Source: ABI Research
C-band presents a unique compromise, because it can be overlaid on top of existing macro-cellular or small cell grids to provide more capacity and faster throughput. On the contrary, mmWave will likely require new cell sites, which will, in turn, require financial justification and new business models, beyond simple connectivity.
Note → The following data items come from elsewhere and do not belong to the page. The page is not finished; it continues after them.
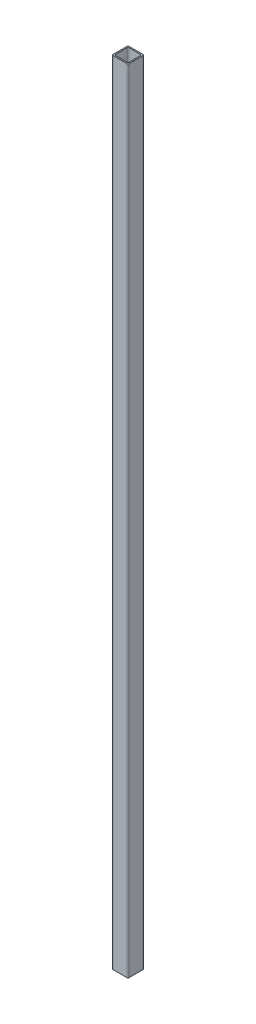
ISO-10303-21;
HEADER;
FILE_DESCRIPTION(('STEP AP214'),'2;1');
FILE_NAME('part.step','',(''),(''),'','','');
FILE_SCHEMA(('AUTOMOTIVE_DESIGN { 1 0 10303 214 1 1 1 1 }'));
ENDSEC;
DATA;
#1=APPLICATION_CONTEXT('core data for automotive mechanical design processes');
#2=APPLICATION_PROTOCOL_DEFINITION('international standard','automotive_design',2000,#1);
#3=PRODUCT_CONTEXT('',#1,'mechanical');
#4=PRODUCT('Part','Part','',(#3));
#5=PRODUCT_RELATED_PRODUCT_CATEGORY('part','',(#4));
#6=PRODUCT_DEFINITION_FORMATION('','',#4);
#7=PRODUCT_DEFINITION_CONTEXT('part definition',#1,'design');
#8=PRODUCT_DEFINITION('design','',#6,#7);
#9=PRODUCT_DEFINITION_SHAPE('','',#8);
#10=(LENGTH_UNIT() NAMED_UNIT(*) SI_UNIT(.MILLI.,.METRE.));
#11=(NAMED_UNIT(*) PLANE_ANGLE_UNIT() SI_UNIT($,.RADIAN.));
#12=(NAMED_UNIT(*) SI_UNIT($,.STERADIAN.) SOLID_ANGLE_UNIT());
#13=UNCERTAINTY_MEASURE_WITH_UNIT(LENGTH_MEASURE(1.E-05),#10,'distance_accuracy_value','');
#14=(GEOMETRIC_REPRESENTATION_CONTEXT(3) GLOBAL_UNCERTAINTY_ASSIGNED_CONTEXT((#13)) GLOBAL_UNIT_ASSIGNED_CONTEXT((#10,
#11,#12)) REPRESENTATION_CONTEXT('',''));
#15=CARTESIAN_POINT('',(0.,0.,0.));
#16=DIRECTION('',(0.,0.,1.));
#17=DIRECTION('',(1.,0.,0.));
#18=AXIS2_PLACEMENT_3D('',#15,#16,#17);
#19=CARTESIAN_POINT('',(-9.,1210.,9.));
#20=DIRECTION('',(0.,-1.,0.));
#21=DIRECTION('',(0.,0.,-1.));
#22=AXIS2_PLACEMENT_3D('',#19,#20,#21);
#23=CYLINDRICAL_SURFACE('',#22,0.999999999999999);
#24=CARTESIAN_POINT('',(-9.,220.,9.));
#25=DIRECTION('',(0.,-1.,0.));
#26=DIRECTION('',(0.,0.,-1.));
#27=AXIS2_PLACEMENT_3D('',#24,#25,#26);
#28=CIRCLE('',#27,0.999999999999999);
#29=CARTESIAN_POINT('',(-8.99999999999999,220.,10.));
#30=VERTEX_POINT('',#29);
#31=CARTESIAN_POINT('',(-10.,220.,8.99999999999999));
#32=VERTEX_POINT('',#31);
#33=EDGE_CURVE('E49',#30,#32,#28,.T.);
#34=ORIENTED_EDGE('',*,*,#33,.F.);
#35=DIRECTION('',(0.,-1.,0.));
#36=VECTOR('',#35,1.);
#37=CARTESIAN_POINT('',(-8.99999999999999,1210.,10.));
#38=LINE('',#37,#36);
#39=CARTESIAN_POINT('',(-8.99999999999999,1210.,10.));
#40=VERTEX_POINT('',#39);
#41=EDGE_CURVE('E42',#40,#30,#38,.T.);
#42=ORIENTED_EDGE('',*,*,#41,.F.);
#43=CARTESIAN_POINT('',(-9.,1210.,9.));
#44=DIRECTION('',(0.,1.,0.));
#45=DIRECTION('',(0.,0.,-1.));
#46=AXIS2_PLACEMENT_3D('',#43,#44,#45);
#47=CIRCLE('',#46,0.999999999999999);
#48=CARTESIAN_POINT('',(-10.,1210.,8.99999999999999));
#49=VERTEX_POINT('',#48);
#50=EDGE_CURVE('E187',#49,#40,#47,.T.);
#51=ORIENTED_EDGE('',*,*,#50,.F.);
#52=DIRECTION('',(0.,-1.,0.));
#53=VECTOR('',#52,1.);
#54=CARTESIAN_POINT('',(-10.,1210.,8.99999999999999));
#55=LINE('',#54,#53);
#56=EDGE_CURVE('E204',#49,#32,#55,.T.);
#57=ORIENTED_EDGE('',*,*,#56,.T.);
#58=EDGE_LOOP('',(#34,#42,#51,#57));
#59=FACE_BOUND('',#58,.T.);
#60=ADVANCED_FACE('F35',(#59),#23,.T.);
#61=CARTESIAN_POINT('',(-8.99999999999999,1210.,10.));
#62=DIRECTION('',(0.,0.,-1.));
#63=DIRECTION('',(-1.,0.,0.));
#64=AXIS2_PLACEMENT_3D('',#61,#62,#63);
#65=PLANE('',#64);
#66=DIRECTION('',(-1.,0.,0.));
#67=VECTOR('',#66,1.);
#68=CARTESIAN_POINT('',(-8.99999999999999,220.,10.));
#69=LINE('',#68,#67);
#70=CARTESIAN_POINT('',(8.99999999999999,220.,10.));
#71=VERTEX_POINT('',#70);
#72=EDGE_CURVE('E230',#71,#30,#69,.T.);
#73=ORIENTED_EDGE('',*,*,#72,.F.);
#74=DIRECTION('',(0.,-1.,0.));
#75=VECTOR('',#74,1.);
#76=CARTESIAN_POINT('',(8.99999999999999,1210.,10.));
#77=LINE('',#76,#75);
#78=CARTESIAN_POINT('',(8.99999999999999,1210.,10.));
#79=VERTEX_POINT('',#78);
#80=EDGE_CURVE('E222',#79,#71,#77,.T.);
#81=ORIENTED_EDGE('',*,*,#80,.F.);
#82=DIRECTION('',(1.,0.,0.));
#83=VECTOR('',#82,1.);
#84=CARTESIAN_POINT('',(-8.99999999999999,1210.,10.));
#85=LINE('',#84,#83);
#86=EDGE_CURVE('E190',#40,#79,#85,.T.);
#87=ORIENTED_EDGE('',*,*,#86,.F.);
#88=ORIENTED_EDGE('',*,*,#41,.T.);
#89=EDGE_LOOP('',(#73,#81,#87,#88));
#90=FACE_BOUND('',#89,.T.);
#91=ADVANCED_FACE('F228',(#90),#65,.F.);
#92=CARTESIAN_POINT('',(9.,1210.,9.));
#93=DIRECTION('',(0.,-1.,0.));
#94=DIRECTION('',(0.,0.,-1.));
#95=AXIS2_PLACEMENT_3D('',#92,#93,#94);
#96=CYLINDRICAL_SURFACE('',#95,0.999999999999999);
#97=CARTESIAN_POINT('',(9.,220.,9.));
#98=DIRECTION('',(0.,-1.,0.));
#99=DIRECTION('',(0.,0.,-1.));
#100=AXIS2_PLACEMENT_3D('',#97,#98,#99);
#101=CIRCLE('',#100,0.999999999999999);
#102=CARTESIAN_POINT('',(10.,220.,8.99999999999999));
#103=VERTEX_POINT('',#102);
#104=EDGE_CURVE('E238',#103,#71,#101,.T.);
#105=ORIENTED_EDGE('',*,*,#104,.F.);
#106=DIRECTION('',(0.,-1.,0.));
#107=VECTOR('',#106,1.);
#108=CARTESIAN_POINT('',(10.,1210.,8.99999999999999));
#109=LINE('',#108,#107);
#110=CARTESIAN_POINT('',(10.,1210.,8.99999999999999));
#111=VERTEX_POINT('',#110);
#112=EDGE_CURVE('E219',#111,#103,#109,.T.);
#113=ORIENTED_EDGE('',*,*,#112,.F.);
#114=CARTESIAN_POINT('',(9.,1210.,9.));
#115=DIRECTION('',(0.,1.,0.));
#116=DIRECTION('',(0.,0.,1.));
#117=AXIS2_PLACEMENT_3D('',#114,#115,#116);
#118=CIRCLE('',#117,0.999999999999999);
#119=EDGE_CURVE('E192',#79,#111,#118,.T.);
#120=ORIENTED_EDGE('',*,*,#119,.F.);
#121=ORIENTED_EDGE('',*,*,#80,.T.);
#122=EDGE_LOOP('',(#105,#113,#120,#121));
#123=FACE_BOUND('',#122,.T.);
#124=ADVANCED_FACE('F282',(#123),#96,.T.);
#125=CARTESIAN_POINT('',(10.,1210.,8.99999999999999));
#126=DIRECTION('',(-1.,0.,0.));
#127=DIRECTION('',(0.,0.,1.));
#128=AXIS2_PLACEMENT_3D('',#125,#126,#127);
#129=PLANE('',#128);
#130=DIRECTION('',(0.,0.,1.));
#131=VECTOR('',#130,1.);
#132=CARTESIAN_POINT('',(10.,220.,8.99999999999999));
#133=LINE('',#132,#131);
#134=CARTESIAN_POINT('',(10.,220.,-8.99999999999999));
#135=VERTEX_POINT('',#134);
#136=EDGE_CURVE('E277',#135,#103,#133,.T.);
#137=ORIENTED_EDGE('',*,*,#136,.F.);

The only exception to global C-band activities is the U.S. market, where the FCC has assigned 150 MHz in the 3.5 GHz band as shared access. This is the Citizens Broadband Radio System (CBRS), with three tiers of usage: military or incumbent, licensed or Priority Access License (PAL), and open access or General Authorized Access (GAA). In fact, the dynamic coordinated shared spectrum approach that the FCC has adopted, but has not yet taken off with deployments, is likely to create new types of demand for spectrum, paving the way for additional spectrum in this band, or a more formal licensing approach for telcos. Experience has shown us that it is economies of scale for chipsets, devices, and infrastructure that make or break the deployment of new technology. This means that the United States is pioneering 3.5 GHz spectrum for shared access, while the rest of the world has chosen the C-band as the very first choice for 5G eMBB spectrum. An immediate effect of this choice is that infrastructure vendors may create Massive MIMO antennas for C-band, increasing the system performance of such a system, well beyond what CBRS equipment offers today. However, operation of a 3.5 GHz macro network for 5G will encounter the same incumbent, PAL, and GAA users, and therefore, must adopt a similar scheme to CBRS, perhaps with the addition of LBT for fair sharing with NR/NR, NR/LTE, and NR/Wi-Fi. The 3GPP is studying 5G NR-Shared Spectrum (SS) for Rel-15 and this could become a work item in Release 16. To strengthen the case of using C-band for 5G, 3GPP is assessing downlink/uplink decoupling for 5G C-band systems, allowing the downlink to use the new band for higher bandwidth, but using a lower frequency for uplink, thereby reducing device requirements.
There is only one reality that all telcos agree on: successful cellular technologies are built on the right choice of spectrum. At the moment, it seems the choice for 5G below 6 GHz is C-band and this will likely create the necessary economies of scale and critical mass to make the 5G eMBB use case successful.